Responsibility

 

 

Who is responsible for the devastation of New Orleans?  Was it a preventable disaster, or an inevitable occurrence?  What roles do global warming, public or governmental neglect, or sheer circumstance (or all of the above) play in the continuing human drama that has unraveled a major American city?  Already, the story is beginning to fade from  much of the media, and with it, public memory of events will recede.  How each of us responds is pretty much left to private decision.

 

When Vesuvius erupted in 79 CE, the entire Bay of Naples was affected.  Although many of us have heard of Herculaneum and Pompeii, there were, in fact hundreds of Roman towns, cities and bay side villas annihilated by the blast.
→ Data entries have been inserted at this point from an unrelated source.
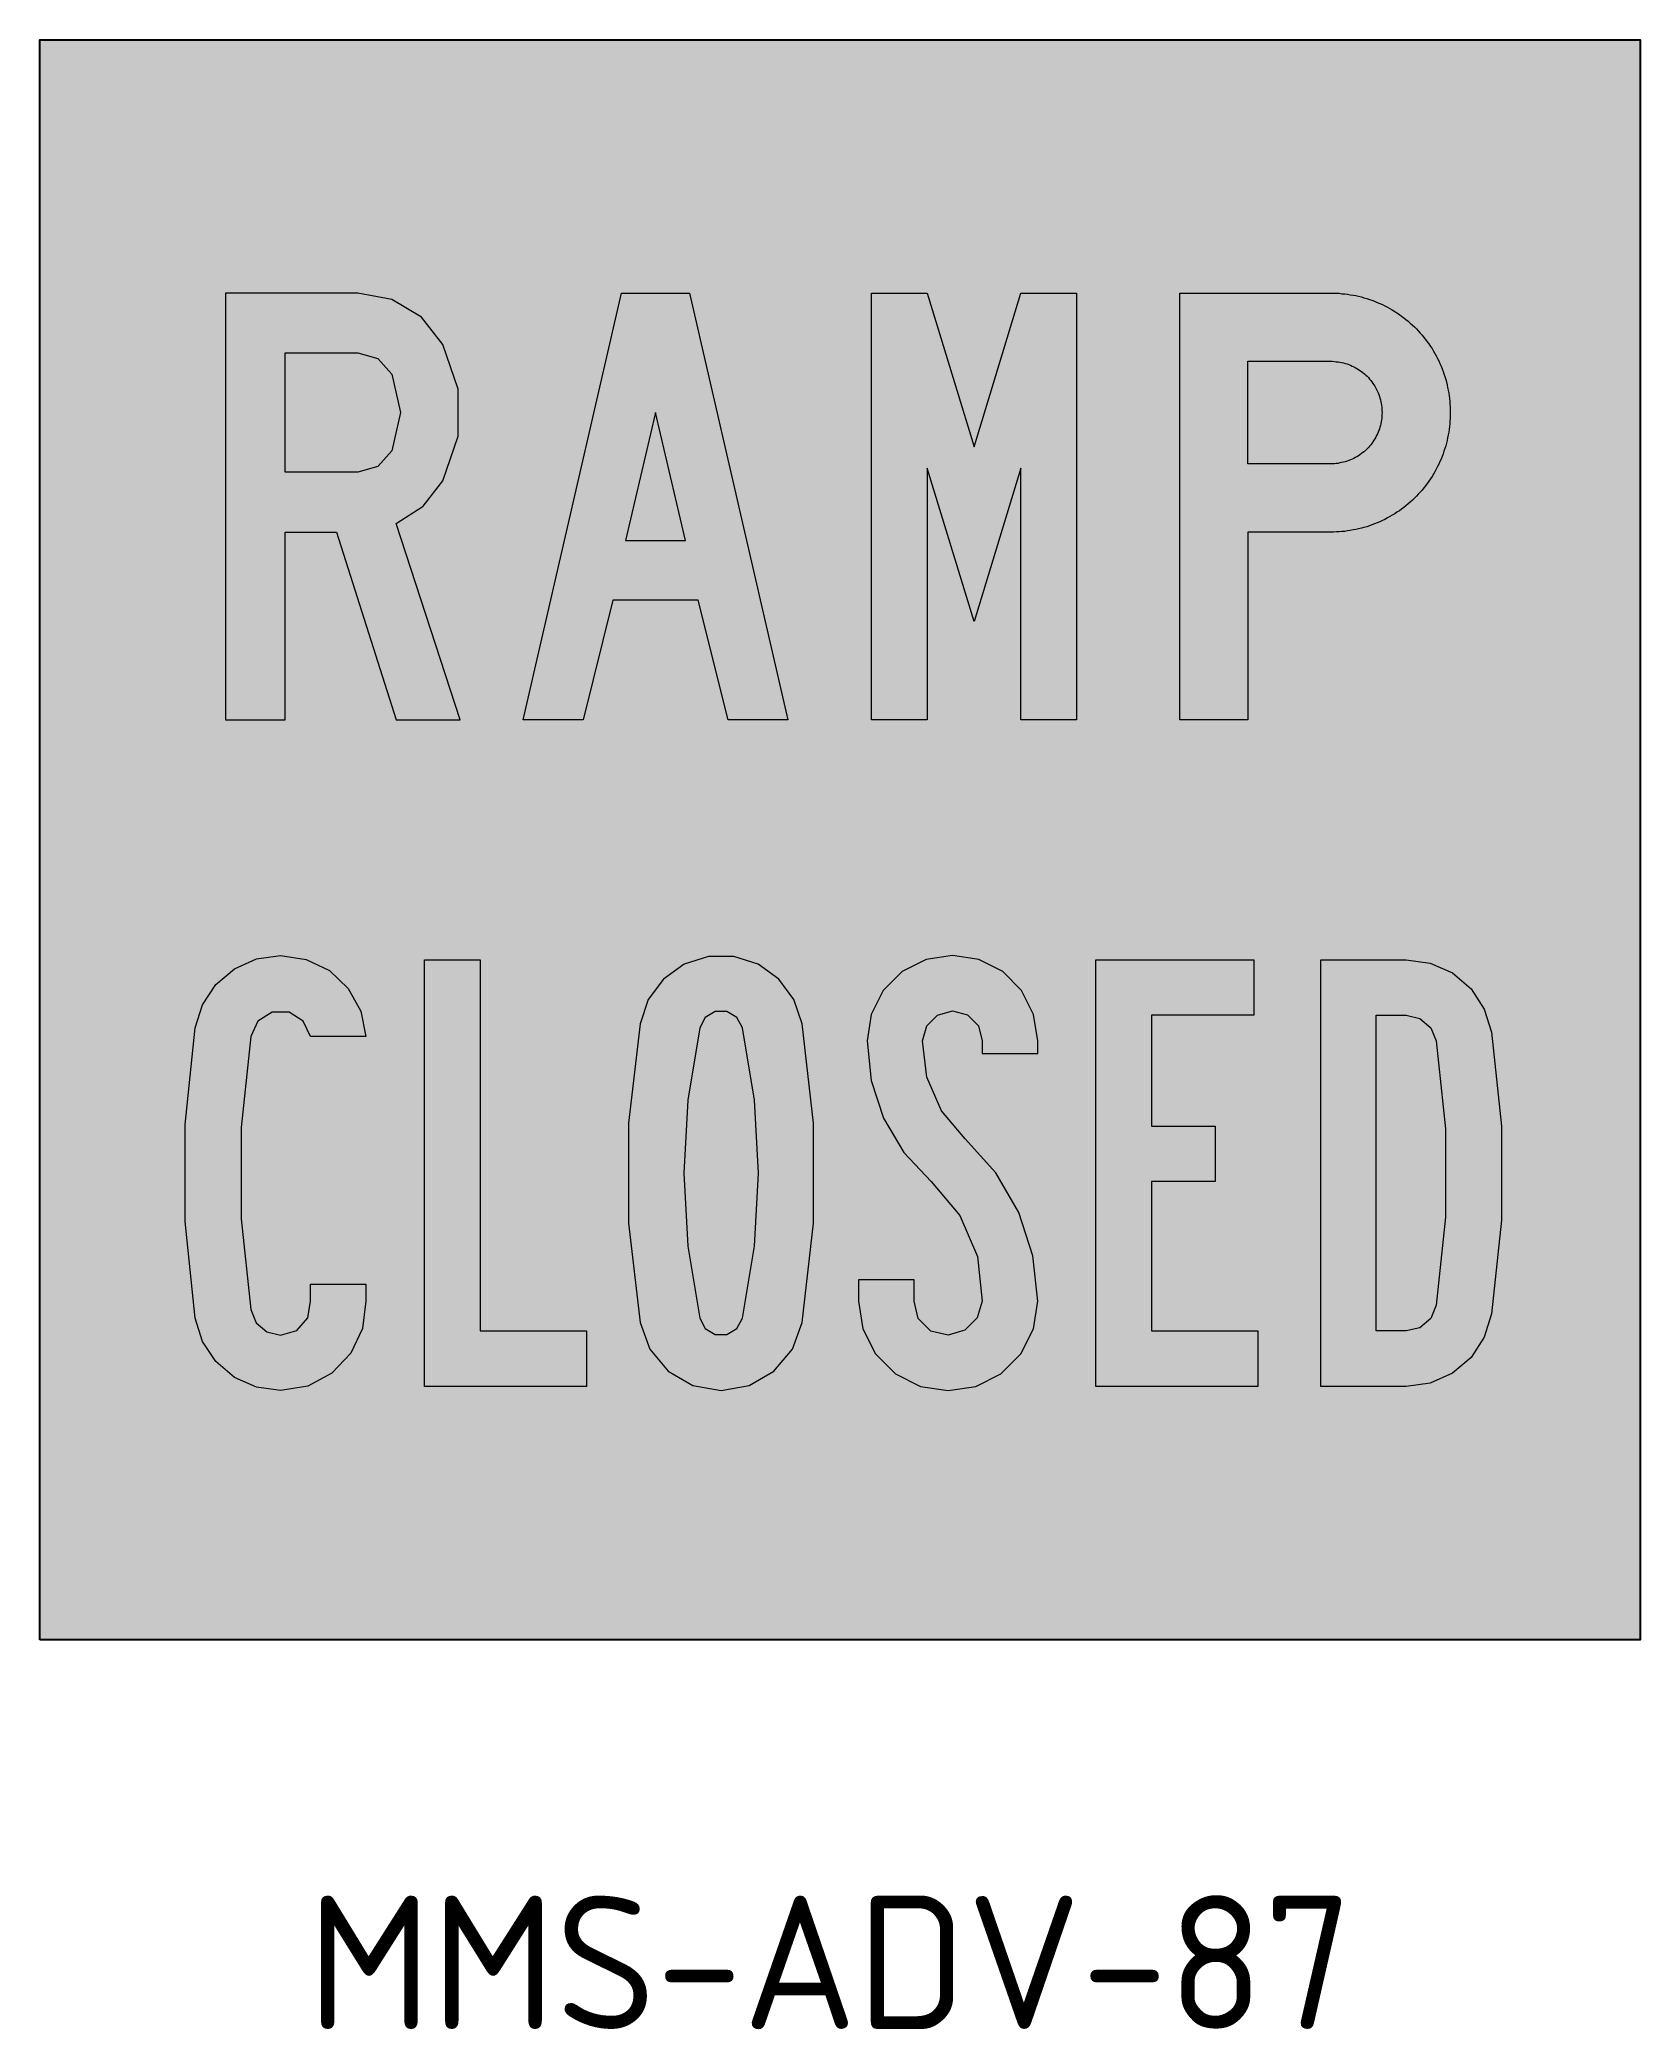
# Model space of a CAD drawing. Extents: x 162 to 359, y 73 to 230.
# Drawn here: x 161.8 to 221.8, y 155.2 to 229.8 of the extents above.
import ezdxf

# ---------------------------------------------------------------- set-up
doc = ezdxf.new("R2010")
doc.units = 0
doc.header["$LTSCALE"] = 0.3
doc.header["$MEASUREMENT"] = 0
doc.layers.add('L25', color=1, linetype='CONTINUOUS')
doc.layers.add('yellow', color=50, linetype='CONTINUOUS')
doc.styles.add('iso', font='iso3098b.shx')

msp = doc.modelspace()

# ---------------------------------------------------------------- hatches: boundary and pattern name
at = {"layer": 'L25'}
h = msp.add_hatch(color=256, dxfattribs=at)
h.dxf.hatch_style = 1
h.paths.add_polyline_path([(210.214, 220.314), (210.318, 220.314), (210.422, 220.314), (210.526, 220.308), (210.63, 220.295), (210.734, 220.288), (210.838, 220.275), (210.942, 220.256), (211.046, 220.243), (211.15, 220.223), (211.254, 220.197), (211.358, 220.171), (211.456, 220.145), (211.56, 220.113), (211.658, 220.08), (211.755, 220.048), (211.853, 220.009), (211.95, 219.97), (212.048, 219.931), (212.146, 219.885), (212.237, 219.84), (212.334, 219.787), (212.425, 219.742), (212.516, 219.69), (212.607, 219.631), (212.692, 219.573), (212.783, 219.514), (212.868, 219.456), (212.952, 219.391), (213.03, 219.326), (213.115, 219.261), (213.193, 219.189), (213.271, 219.117), (213.349, 219.046), (213.421, 218.974), (213.492, 218.896), (213.564, 218.818), (213.635, 218.74), (213.7, 218.656), (213.765, 218.577), (213.83, 218.493), (213.889, 218.408), (213.948, 218.317), (214.006, 218.233), (214.058, 218.142), (214.11, 218.051), (214.162, 217.959), (214.214, 217.862), (214.26, 217.771), (214.299, 217.673), (214.344, 217.576), (214.383, 217.478), (214.422, 217.381), (214.455, 217.283), (214.488, 217.185), (214.52, 217.081), (214.546, 216.984), (214.572, 216.88), (214.592, 216.776), (214.611, 216.671), (214.631, 216.567), (214.644, 216.463), (214.657, 216.359), (214.67, 216.255), (214.676, 216.151), (214.683, 216.047), (214.689, 215.943), (214.689, 215.839), (214.689, 215.728), (214.683, 215.624), (214.676, 215.52), (214.67, 215.416), (214.657, 215.312), (214.644, 215.208), (214.631, 215.104), (214.611, 215), (214.592, 214.895), (214.572, 214.791), (214.546, 214.694), (214.52, 214.59), (214.488, 214.492), (214.455, 214.388), (214.422, 214.29), (214.383, 214.193), (214.344, 214.095), (214.299, 213.998), (214.26, 213.9), (214.214, 213.809), (214.162, 213.712), (214.11, 213.62), (214.058, 213.529), (214.006, 213.438), (213.948, 213.354), (213.889, 213.263), (213.83, 213.178), (213.765, 213.094), (213.7, 213.015), (213.635, 212.931), (213.564, 212.853), (213.492, 212.775), (213.421, 212.697), (213.349, 212.625), (213.271, 212.554), (213.193, 212.482), (213.115, 212.41), (213.03, 212.345), (212.952, 212.28), (212.868, 212.215), (212.783, 212.157), (212.692, 212.098), (212.607, 212.04), (212.516, 211.988), (212.425, 211.936), (212.334, 211.884), (212.237, 211.831), (212.146, 211.786), (212.048, 211.74), (211.95, 211.701), (211.853, 211.662), (211.755, 211.623), (211.658, 211.591), (211.56, 211.558), (211.456, 211.526), (211.358, 211.5), (211.254, 211.474), (211.15, 211.454), (211.046, 211.435), (210.942, 211.415), (210.838, 211.396), (210.734, 211.383), (210.63, 211.376), (210.526, 211.363), (210.422, 211.363), (210.318, 211.357), (210.214, 211.357), (207.103, 211.357), (207.103, 204.318), (204.546, 204.318), (204.546, 220.314)])
h.paths.add_polyline_path([(210.214, 217.758), (210.279, 217.758), (210.35, 217.751), (210.415, 217.745), (210.487, 217.738), (210.552, 217.725), (210.617, 217.712), (210.688, 217.699), (210.753, 217.68), (210.819, 217.66), (210.884, 217.634), (210.949, 217.615), (211.007, 217.582), (211.072, 217.556), (211.131, 217.524), (211.189, 217.491), (211.248, 217.452), (211.306, 217.413), (211.365, 217.374), (211.417, 217.335), (211.469, 217.289), (211.521, 217.244), (211.573, 217.198), (211.619, 217.146), (211.664, 217.094), (211.71, 217.042), (211.749, 216.99), (211.788, 216.932), (211.827, 216.873), (211.866, 216.821), (211.898, 216.756), (211.931, 216.697), (211.957, 216.632), (211.989, 216.574), (212.009, 216.509), (212.035, 216.444), (212.055, 216.379), (212.074, 216.314), (212.087, 216.242), (212.1, 216.177), (212.113, 216.112), (212.12, 216.04), (212.126, 215.975), (212.126, 215.904), (212.133, 215.839), (212.126, 215.767), (212.126, 215.696), (212.12, 215.631), (212.113, 215.566), (212.1, 215.494), (212.087, 215.429), (212.074, 215.357), (212.055, 215.292), (212.035, 215.227), (212.009, 215.162), (211.989, 215.097), (211.957, 215.039), (211.931, 214.974), (211.898, 214.915), (211.866, 214.856), (211.827, 214.798), (211.788, 214.739), (211.749, 214.681), (211.71, 214.629), (211.664, 214.577), (211.619, 214.525), (211.573, 214.473), (211.521, 214.427), (211.469, 214.382), (211.417, 214.336), (211.365, 214.297), (211.306, 214.258), (211.248, 214.219), (211.189, 214.18), (211.131, 214.147), (211.072, 214.115), (211.007, 214.089), (210.949, 214.063), (210.884, 214.037), (210.819, 214.011), (210.753, 213.991), (210.688, 213.972), (210.617, 213.959), (210.552, 213.946), (210.487, 213.933), (210.415, 213.926), (210.35, 213.92), (210.279, 213.92), (210.214, 213.913), (207.103, 213.913), (207.103, 217.758)], flags=16)
h.paths.add_polyline_path([(192.996, 220.314), (195.075, 220.314), (196.836, 214.555), (198.592, 220.314), (200.672, 220.314), (200.672, 204.318), (198.592, 204.318), (198.592, 213.754), (196.836, 207.998), (195.075, 213.754), (195.075, 204.318), (192.996, 204.318)])
h.paths.add_polyline_path([(184.899, 215.839), (183.775, 211.034), (186.016, 211.034)], flags=16)
h.paths.add_polyline_path([(173.733, 213.598), (171.012, 213.598), (171.012, 218.073), (173.733, 218.073), (174.485, 217.858), (175.008, 217.278), (175.337, 215.839), (175.008, 214.4), (174.485, 213.813)], flags=16)
h.paths.add_polyline_path([(176.927, 213.276), (177.499, 214.951), (177.499, 216.72), (176.927, 218.395), (176.125, 219.412), (175.008, 220.078), (173.733, 220.314), (168.778, 220.314), (168.778, 204.318), (171.012, 204.318), (171.012, 211.357), (172.931, 211.357), (175.172, 204.318), (177.571, 204.318), (175.172, 211.679), (176.189, 212.323)])
h.paths.add_polyline_path([(179.937, 204.318), (183.617, 220.314), (186.173, 220.314), (189.854, 204.318), (187.613, 204.318), (186.496, 208.8), (183.295, 208.8), (182.178, 204.318)])
h = msp.add_hatch(color=256, dxfattribs=at)
h.paths.add_polyline_path([(213.041, 195.317), (213.942, 195.191), (214.773, 194.823), (215.468, 194.229), (215.967, 193.469), (216.238, 192.598), (216.606, 189.083), (216.606, 185.554), (216.238, 182.039), (215.967, 181.168), (215.468, 180.408), (214.773, 179.819), (213.942, 179.446), (213.041, 179.32), (209.844, 179.32), (209.844, 195.317)])
h.paths.add_polyline_path([(213.041, 193.237), (213.555, 193.117), (213.958, 192.769), (214.159, 192.281), (214.506, 188.978), (214.506, 185.66), (214.159, 182.362), (213.958, 181.868), (213.555, 181.521), (213.041, 181.4), (211.918, 181.4), (211.918, 193.237)], flags=16)
h.paths.add_polyline_path([(194.905, 192.281), (195.061, 192.835), (195.469, 193.242), (196.028, 193.398), (196.591, 193.252), (196.999, 192.845), (197.145, 192.281), (197.145, 191.797), (199.225, 191.797), (199.225, 192.281), (199.069, 193.268), (198.616, 194.164), (197.911, 194.874), (197.014, 195.327), (196.028, 195.478), (195.036, 195.327), (194.139, 194.874), (193.434, 194.164), (192.981, 193.268), (192.825, 192.281), (192.976, 190.79), (193.445, 189.375), (194.205, 188.091), (195.227, 186.999), (196.31, 185.725), (196.969, 184.184), (197.145, 182.518), (196.954, 181.893), (196.491, 181.43), (195.866, 181.239), (195.212, 181.395), (194.739, 181.868), (194.588, 182.518), (194.588, 183.318), (192.508, 183.318), (192.508, 182.518), (192.669, 181.48), (193.142, 180.539), (193.888, 179.794), (194.824, 179.32), (195.866, 179.159), (196.904, 179.32), (197.845, 179.794), (198.585, 180.539), (199.064, 181.48), (199.225, 182.518), (199.044, 184.219), (198.51, 185.846), (197.654, 187.331), (196.506, 188.6), (195.62, 189.652), (195.071, 190.911)])
h.paths.add_polyline_path([(174.034, 192.437), (171.96, 192.437), (171.688, 193.016), (171.154, 193.353), (170.52, 193.353), (169.986, 193.016), (169.719, 192.437), (169.362, 189.033), (169.362, 185.604), (169.719, 182.2), (169.921, 181.707), (170.323, 181.365), (170.837, 181.239), (171.446, 181.415), (171.864, 181.893), (171.96, 182.518), (171.96, 183.157), (174.034, 183.157), (174.034, 182.518), (173.913, 181.495), (173.475, 180.559), (172.765, 179.814), (171.854, 179.33), (170.837, 179.159), (169.936, 179.285), (169.105, 179.658), (168.41, 180.247), (167.906, 181.007), (167.64, 181.878), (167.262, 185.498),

Roman authorities were so overwhelmed by the disaster that they just left whole regions for future generations to excavate in archeological digs.  Pliny the Elder, the admiral of the Roman navy died 10 miles from the mountain when a huge blast scoured the countryside with poison gases, CO2 and sulfuric acid clouds.  He was investigating the eruption and trying to save survivors: no volcano had ever erupted in Roman historical memory, and there was no word for volcano in Latin.  Pliny was going by historical accounts he had read from the ancient world, preserved by Greeks, Egyptians and folks from Mesopotamia: he had guessed that Vesuvius was a “fire mountain,” (the Greek term), and he was unafraid for he did not believe in the “gods” and considered what he saw as a simple act of nature.  For him, the responsible thing was remaining open to what the world presented, to be unafraid and to try to help who he could.  He died, living that charge.

 

After having seen the movie, “The Exorcism of Emily Rose,” I looked up the “Klingenberg Case,” as it’s called in Germany and reviewed the story of Anneliese Michel, the young pious Catholic girl upon whose suffering and death the movie is based.   Contrary to what the movie indicates, her seizures and psychotic episodes had commenced in high school, and no supernatural events followed the defense attorneys around when the case against the exorcising priests (yes, there was more than one) went to trial (oh yes, the case occurred in Germany).  The lenient sentences handed down were due to the generous nature of the German court system when dealing with obviously sincere or misguided parents, not because the jury was actually sympathetic to the explanation proffered by the officiating priests.  These facts are important because the Vatican actually changed its own rules on exorcism after the death of Anneliese.    Who’s served by changing the story, and ramping up the supernatural element for American audiences?   In the movie, the priest simply wanted her story to be told—so where was Anneliese—where was the thematic responsibility to her?

 

It’s hard to know who to be responsible for, to…and I actually believe that most people want to believe that they are responsible beings:  beings capable of responding to what is being asked of them at any given minute.  Question is, who’s watching, who’s keeping track?  What can we get away with, and when?  Don’t tell me you haven’t asked yourself that question….haven’t caught yourself in it at least once?

 

Conventional religion teaches that God/Allah is “watching us,” his/her/its eye is always on us somehow/where.  I remember that, as a child, I experienced God the Father as a big peeping tom, spying on everyone, never giving anyone any privacy, not even in our most inner thoughts.  Later on, I figured that, since God is seeing everything anyway, and never did anything to prevent me, I might as well do any thing I wanted to. 

 

I recognize now that both responses came from my sense that God was “out there” somewhere, separate from me, separate from the world.  Anneliese came to believe that she could be possessed because of the conviction that the world “out there” was separate, humans can be possessed and exorcised.   The medical world didn’t help: for them, the neurological disorder that took her was also “foreign” in its way and they sought to radically exorcise it in a different manner.  Both points of view saw “nature,” as potentially lethal and quite terrifying, both sought to control its effects.

 

I remain fascinated by Pliny the Elder, not a mystic, not even a religious man, probably even arrogant in his approach to a natural phenomenon that he didn’t understand, but certainly curious, open, wondering.  He died appreciating the mystery that killed him.

 

For Sufis, the divine is an ever living presence that suffuses every facet and experience of life: ya Raqib, we say, oh divine watcher, who not only sees all, but encompasses every life and experience, every pain and pleasure and who holds us to account simply because we are not apart from that which happens to us.  In some fashion, we experience what we are, and if our experience is painful, it’s not because we are bad, it’s simply because that’s what happens to some of us.  The rest of us, who are unscathed in a particular moment, are there to help, to witness, to learn…because some day, “that” may happen to another one of us.

 

So who is responsible for the disaster of New Orleans?   No one of us personally, all of us generally….and more importantly, we are accountable to how we respond now, from day to day, as the story itself becomes less newsworthy, more mundane.  Face it, an entire city is teetering on the brink, an entire infrastructure, and we really don’t know exactly what to do.  It’s a perfect place to begin.  We’re all going to die some time, appreciate the mystery and the challenge now.